18 So the Ioudaioi (usually translated as “Jews”) said to him, “What sign do you show us for doing these things?” 19 Jesus answered them, “Destroy this temple, and in three days I will raise it up.” 20 The Ioudaioi then said, “It has taken forty-six years to build this temple, and will you raise it up in three days?” 21 But he was speaking about the temple of his body. 22 When therefore he was raised from the dead, his disciples remembered that he had said this, and they believed the Scripture and the word that Jesus had spoken. 23 Now when he was in Jerusalem at the Passover Feast, many believed in his name when they saw the signs that he was doing. 24 But Jesus on his part did not entrust himself to them, because he knew all people 25 and needed no one to bear witness about man, for he himself knew what was in man.

The authority that Jesus displayed in the prophetic action of cleansing the Temple was once again highlighting the basic question that was implicitly asked – “Who is and who should be in charge of God’s people, Israel?The Gospel’s answer, predictably, is King Jesus. The text above, verses 23-25, must not be separated from the preceding verses 13-22, which describe the same thing – Jerusalem during the Passover. We must see verse 23 continuing what was begun in Jerusalem some verses earlier. In Greek, “Jesus on his part did not entrust himself to them, because he knew all people,” could and should (because of the overall context) be translated: “Jesus on his part did not believe in them, because he knew them all.” (Jn. 2:24) With this slight translation adjustment, what comes before and what follows in the Gospel account fits much better, especially with the follow-up of verse 25 (“needed no one to bear witness”).

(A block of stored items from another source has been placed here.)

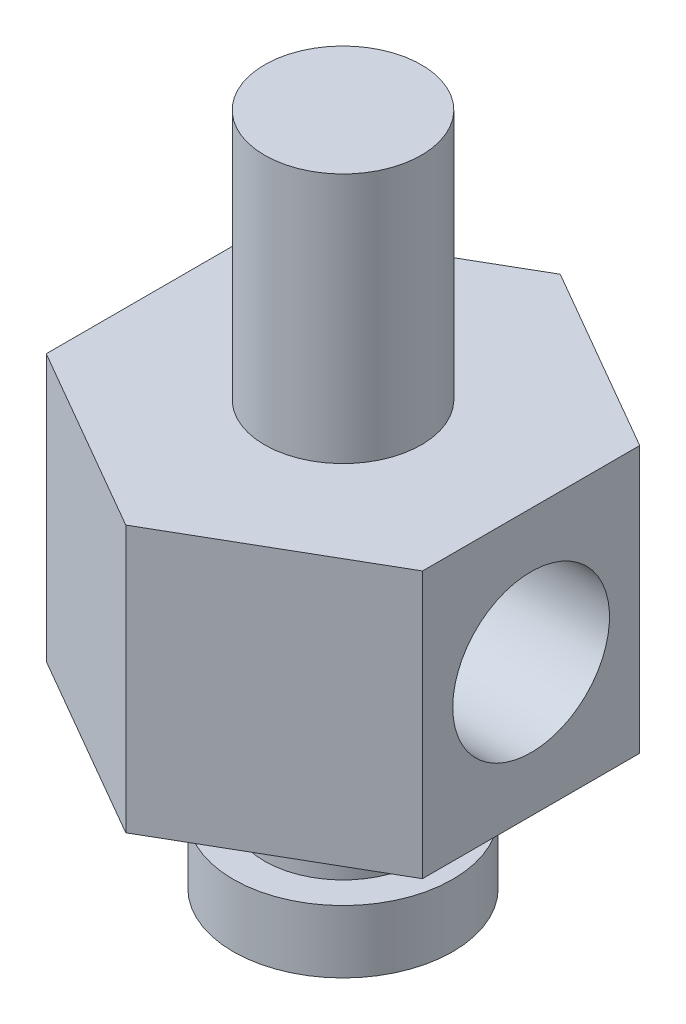
SolidWorks part; units mm, degrees
ref_plane "Plan de face" through (0, 0, 0) normal (0, 0, 1) x (1, 0, 0)
ref_plane "Plan de dessus" through (0, 0, 0) normal (0, 1, 0) x (1, 0, 0)
ref_plane "Plan de droite" through (0, 0, 0) normal (1, 0, 0) x (0, 0, -1)
sketch "Esquisse1" plane through (0, 0, 0) normal (0, 1, 0) x (1, 0, 0)
  circle A0 centre (0, 0) radius 1.5
  circle A1 centre (0, 0) radius 3.5
  dimension "D1" = 7
  dimension "D2" = 3
extrude "Boss.-Extru.1" add sketch "Esquisse1" along normal blind 2
sketch "Esquisse2" plane through (0, 2, 0) normal (0, 1, 0) x (1, 0, 0)
  circle A0 centre (0, 0) radius 1.5
  circle A1 centre (0, 0) radius 2.5
  dimension "D1" = 3
  dimension "D2" = 5
extrude "Boss.-Extru.2" add sketch "Esquisse2" along normal blind 3
sketch "Esquisse3" plane through (0, 5, 0) normal (0, 1, 0) x (1, 0, 0)
  line L0 (-6, 3.4641) -> (-6, -3.4641)
  line L1 (-6, -3.4641) -> (0, -6.9282)
  line L2 (0, -6.9282) -> (6, -3.4641)
  line L3 (6, -3.4641) -> (6, 3.4641)
  line L4 (6, 3.4641) -> (0, 6.9282)
  line L5 (0, 6.9282) -> (-6, 3.4641)
  line L6 (-6, 3.4641) -> (6, 3.4641) construction
  line L7 (-6, 3.4641) -> (6, -3.4641) construction
  circle A0 centre (0, 0) radius 1.5
  point P6 (0, 0)
  dimension "D3" = 3
  dimension "D1" = 12
  dimension "D2" = 12
extrude "Boss.-Extru.3" add sketch "Esquisse3" along normal blind 8.5
sketch "Esquisse4" plane through (0, 13.5, 0) normal (0, 1, 0) x (1, 0, 0)
  circle A0 centre (0, 0) radius 2.5
  dimension "D1" = 5
extrude "Boss.-Extru.4" add sketch "Esquisse4" along normal blind 8
sketch "Esquisse5" plane through (-6, 0, 0) normal (-1, 0, 0) x (0, 0, 1)
  line L0 (-3.4641, 13.5) -> (3.4641, 5) construction
  circle A0 centre (0, 9.25) radius 2.5
  dimension "D1" = 5
extrude "Enlèv. mat.-Extru.1" cut sketch "Esquisse5" against normal up to surface (12 mm away) up to face at (6, 9.25, 0)

This kind of formula, “show/tell us (18 “What sign do you show us for doing these things?”), will be raised again by the Ioudaioi on several occasions. On each occasion, the point was that they were formally in charge of religious life in ancient Israel under Roman occupation. Jesus’ response could not have been more explicit than what he says in 2:19: “Destroy this temple, and in three days I will raise it up.” The authorities could not have been more devalued. This was the case whether or not they understood it as they did (2:20), or as they should have (2:21). Without bothering to explain what he really meant, Jesus denied the authority of the Ioudaioi.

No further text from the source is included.